Einsatz in den Ställen
Als Tierärztin in einer Großtierpraxis auf dem Land ist für Stefanie Kaltenbach-Krewet (34) ein Wunschtraum in Erfüllung gegangen. Auch wenn im Umgang mit Rindern und Pferden schon mal körperlicher Einsatz gefragt und sie oft in Rufbereitschaft ist.
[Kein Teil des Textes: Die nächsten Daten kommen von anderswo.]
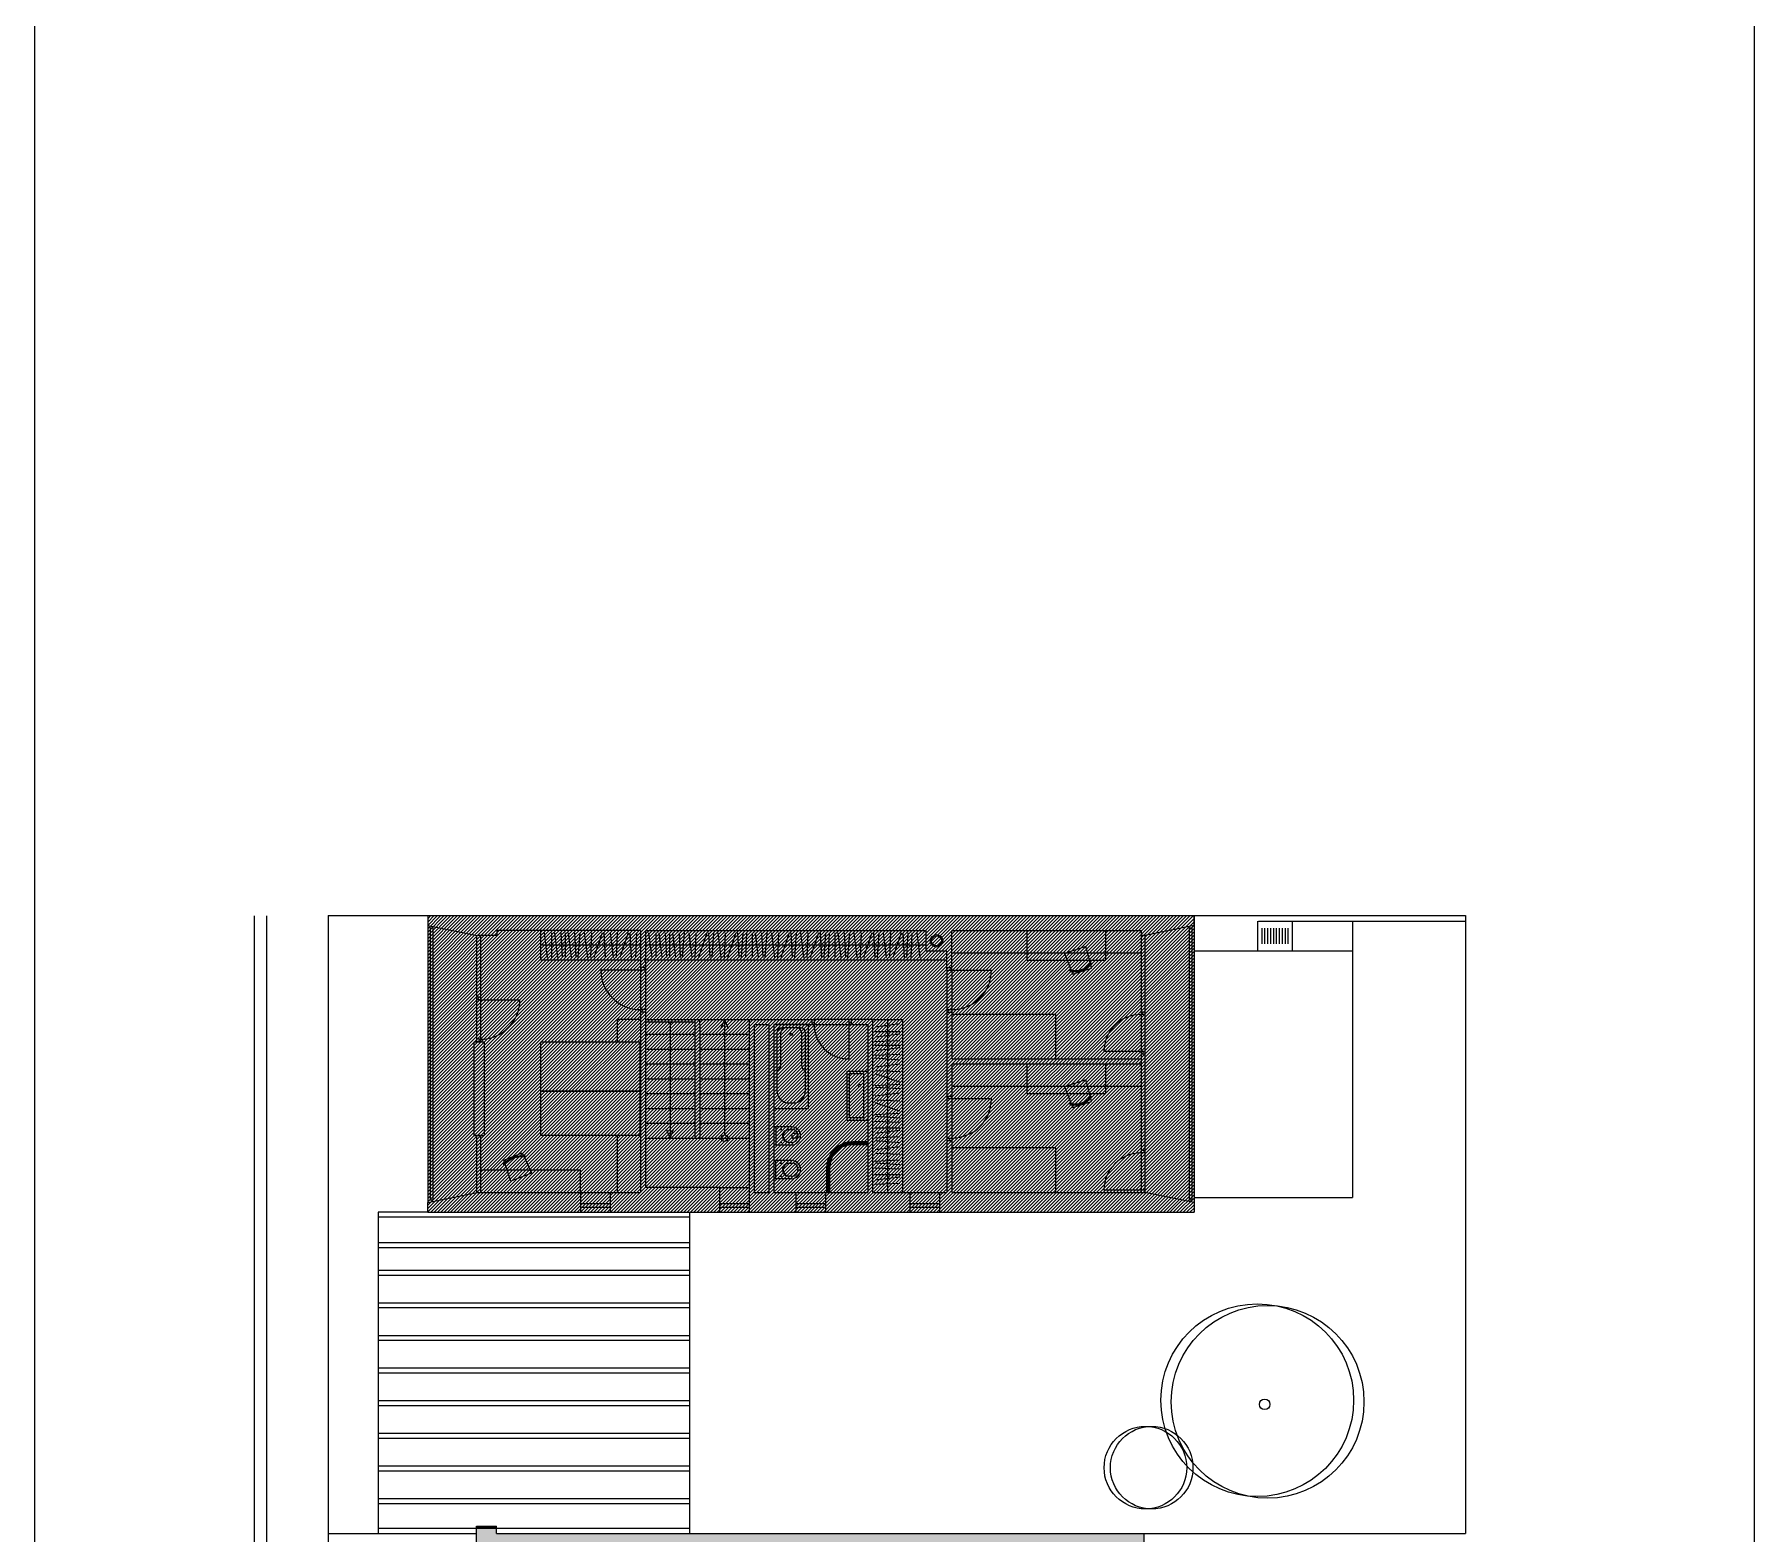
# Model space of a CAD drawing. Header units: metres. Extents: x -686 to 211, y -481 to 125.
# Drawn here: x -216.44 to -181.66, y -168.52 to -138.2 of the extents above; entities that cross this region are included whole.
import ezdxf

# ---------------------------------------------------------------- set-up
doc = ezdxf.new("R2010")
doc.units = ezdxf.units.M
doc.layers.add('FLOATINGWINDOWS', color=2, linetype='Continuous', plot=False)
for name, color, linetype in [('katastr', 3, 'Continuous'), ('SRAFA', 251, 'Continuous'), ('ZARIZOVAKY', 251, 'Continuous'), ('ZDIVO', 1, 'Continuous')]:
    doc.layers.add(name, color=color, linetype=linetype)

# ---------------------------------------------------------------- blocks, each defined once
blk = doc.blocks.new('WC 540 Starck 3')
at = {"linetype": 'ByBlock'}
for p, q in [((81.017, 94.399), (80.66, 94.399)), ((80.66, 94.349), (80.713, 94.349)), ((80.982, 94.034), (80.982, 94.399)), ((81.017, 94.034), (81.017, 94.399)), ((80.568, 94.265), (80.637, 94.265)), ((80.568, 94.168), (80.637, 94.168)), ((80.657, 94.188), (80.657, 94.245)), ((80.713, 94.084), (80.66, 94.084)), ((80.66, 94.034), (81.017, 94.034))]:
    blk.add_line(p, q, dxfattribs=at)
for centre in [(80.88, 94.348), (80.88, 94.084)]:
    blk.add_circle(centre, 0.0102, dxfattribs=at)
for centre, radius, start, end in [((80.66, 94.216), 0.183, 90, 270), ((80.66, 94.216), 0.133, 90, 270), ((80.713, 94.216), 0.133, 270, 90), ((80.697, 94.216), 0.133, 276.5328, 83.4672), ((80.621, 94.216), 0.09, 165.9057, 194.0943), ((80.568, 94.23), 0.035, 90, 165.9057), ((80.568, 94.203), 0.035, 194.0943, 270), ((80.637, 94.245), 0.02, 360, 90), ((80.637, 94.188), 0.02, 270, 0)]:
    blk.add_arc(centre, radius, start, end, dxfattribs=at)
blk = doc.blocks.new('vana170')
at = {"linetype": 'Continuous', "lineweight": 0}
for p, q in [((1.7, 0.7), (0, 0.7)), ((0, 0.7), (0, 0)), ((1.7, 0), (1.7, 0.7)), ((0.07, 0.54), (0.07, 0.16)), ((1.34, 0.64), (0.17, 0.64)), ((0.837, 0.562), (0.17, 0.562)), ((1.59, 0.31), (1.59, 0.39)), ((0, 0), (1.7, 0)), ((0.837, 0.138), (0.17, 0.138)), ((0.17, 0.06), (1.34, 0.06))]:
    blk.add_line(p, q, dxfattribs=at)
blk.add_circle((0.2, 0.35), 0.0232, dxfattribs=at)
for centre, radius, start, end in [((0.17, 0.54), 0.1, 90, 180), ((0.17, 0.462), 0.1, 90, 180), ((0.837, 0.662), 0.1, 270, 347.2636), ((1.34, 0.39), 0.25, 0, 90), ((0.17, 0.238), 0.1, 180, 270), ((0.17, 0.16), 0.1, 180, 270), ((0.837, 0.038), 0.1, 12.7364, 90), ((1.34, 0.31), 0.25, 270, 0)]:
    blk.add_arc(centre, radius, start, end, dxfattribs=at)
blk = doc.blocks.new('zidle450-p')
at = {"lineweight": 0}
for p, q in [((0.096, 0.228), (0.087, 0.233)), ((0.096, -0.228), (0.087, -0.233))]:
    blk.add_line(p, q, dxfattribs=at)
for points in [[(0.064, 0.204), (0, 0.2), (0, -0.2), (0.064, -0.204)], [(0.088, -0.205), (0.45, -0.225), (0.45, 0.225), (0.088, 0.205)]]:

Stefanie Kaltenbach-Krewet könnte sich nicht vorstellen, in einer Kleintierpraxis zu arbeiten: "Ich möchte das Heu riechen können", sagt sie.
Foto: Privat
Die ersten Anrufe trudeln morgens ab halb acht ein, wenn Landwirte die Krankheiten ihrer Tiere anmelden: Ein krankes Kalb benötigt schnelle tierärztliche Hilfe, eine Kuh scheint Milchfieber zu haben. „Dann fehlt es dem Tier meist akut an Kalzium", erklärt Stefanie Kaltenbach-Krewet und packt gleich Infusionslösungen ins Auto ein. Und natürlich Stethoskop, Vitaminspritzen und Antibiotika. In manchen Notfällen müsse man vor Ort auch Blutproben nehmen und diese ins Labor schicken, sagt die Tierärztin. Sie plant ihre Strecke für den Tag und macht sich auf den Weg. „Gummistiefel sind unverzichtbar", weiß die 34-Jährige.
Von Hof zu Hof
Vor ihrem Studium der Veterinärmedizin an der Uni Gießen hat Stefanie Kaltenbach-Krewet eine Ausbildung zur Pferdewirtin absolviert. Dass sie in eine Großtierpraxis möchte, war ihr schon während des Studiums klar. Über Umwege ist sie dann bei ihrem jetzigen Arbeitgeber, der Großtierpraxis András Tóth im hessischen Trendelburg, gelandet.
„Es ist eine reine Fahrpraxis. Praxisräume gibt es nicht, nur eine tierärztliche Hausapotheke", erklärt sie. Dies bedeutet, dass sie im Umkreis von 30 Kilometern immer mit dem Auto unterwegs ist und von Bauernhof zu Bauernhof fährt. Da kommen schon mal 120 Kilometer an einem Tag zusammen. „Das Herumfahren finde ich total schön, ich mag die Landschaft, die Landwirte und natürlich die Tiere; es ist wie eine große Familie." In einer Kleintierpraxis könne sie nicht arbeiten: „Ich möchte das Heu riechen können!" Während der Behandlung der Rinder, Pferde, Schafe, Ziegen, Schweine oder gar Kamele bleibt manchmal auch Zeit für einen kurzen Schnack mit den „Patientenbesitzern". Und mitunter bekommt sie als Dank auch mal zehn frische Eier geschenkt.
Sonntagsdienst
Spezialisiert ist Stefanie Kaltenbach-Krewet auf die künstliche Besamung bei Kühen. „Besamungen finden täglich statt, auch an Sonntagen", erklärt sie. Wenn ein Landwirt die Besamung in der Praxis angemeldet hat, fährt die Veterinärin los. Im Gepäck: eine Art Topf mit dem bei minus 196 Grad tiefgefrorenen Samen von Schwarzbunten, Rotbunten, Limousin- oder Jersey-Rindern. „So können Landwirte, die meistens keinen Bullen haben, sich den Spendersamen aussuchen und die Nachzucht gezielt auswählen." Außerdem dabei: ein Auftaugerät und die Besamungspistole mit einem eingesteckten Röhrchen. „Das wird direkt in den Gebärmutterhals der Kuh gebracht", erklärt die Tierärztin. Wichtig dabei sei, dass bei der Kuh der optimale Zeitpunkt für die Besamung gegeben ist, erklärt sie.
Dann ruft auch schon der nächste Termin: Der Labmagen einer Kuh (also neben Pansen, Netzmagen und Blättermagen der vierte Magen eines Wiederkäuers) hat sich verlagert und ist auf die Seite gewandert. Die Kuh wird eingeschnürt, damit sie sich nicht bewegt, und dann wird „getoggelt": „Beim Toggeln wird der Magen durch die Bauchwand hindurch wieder innen festgenäht, so dass er nicht mehr aufsteigen kann", erläutert Stefanie Kaltenbach-Krewet. Die Arbeit mit den Großtieren macht ihr Spaß, auch wenn sie zugibt: „Man braucht oft Kraft und muss die Technik beherrschen."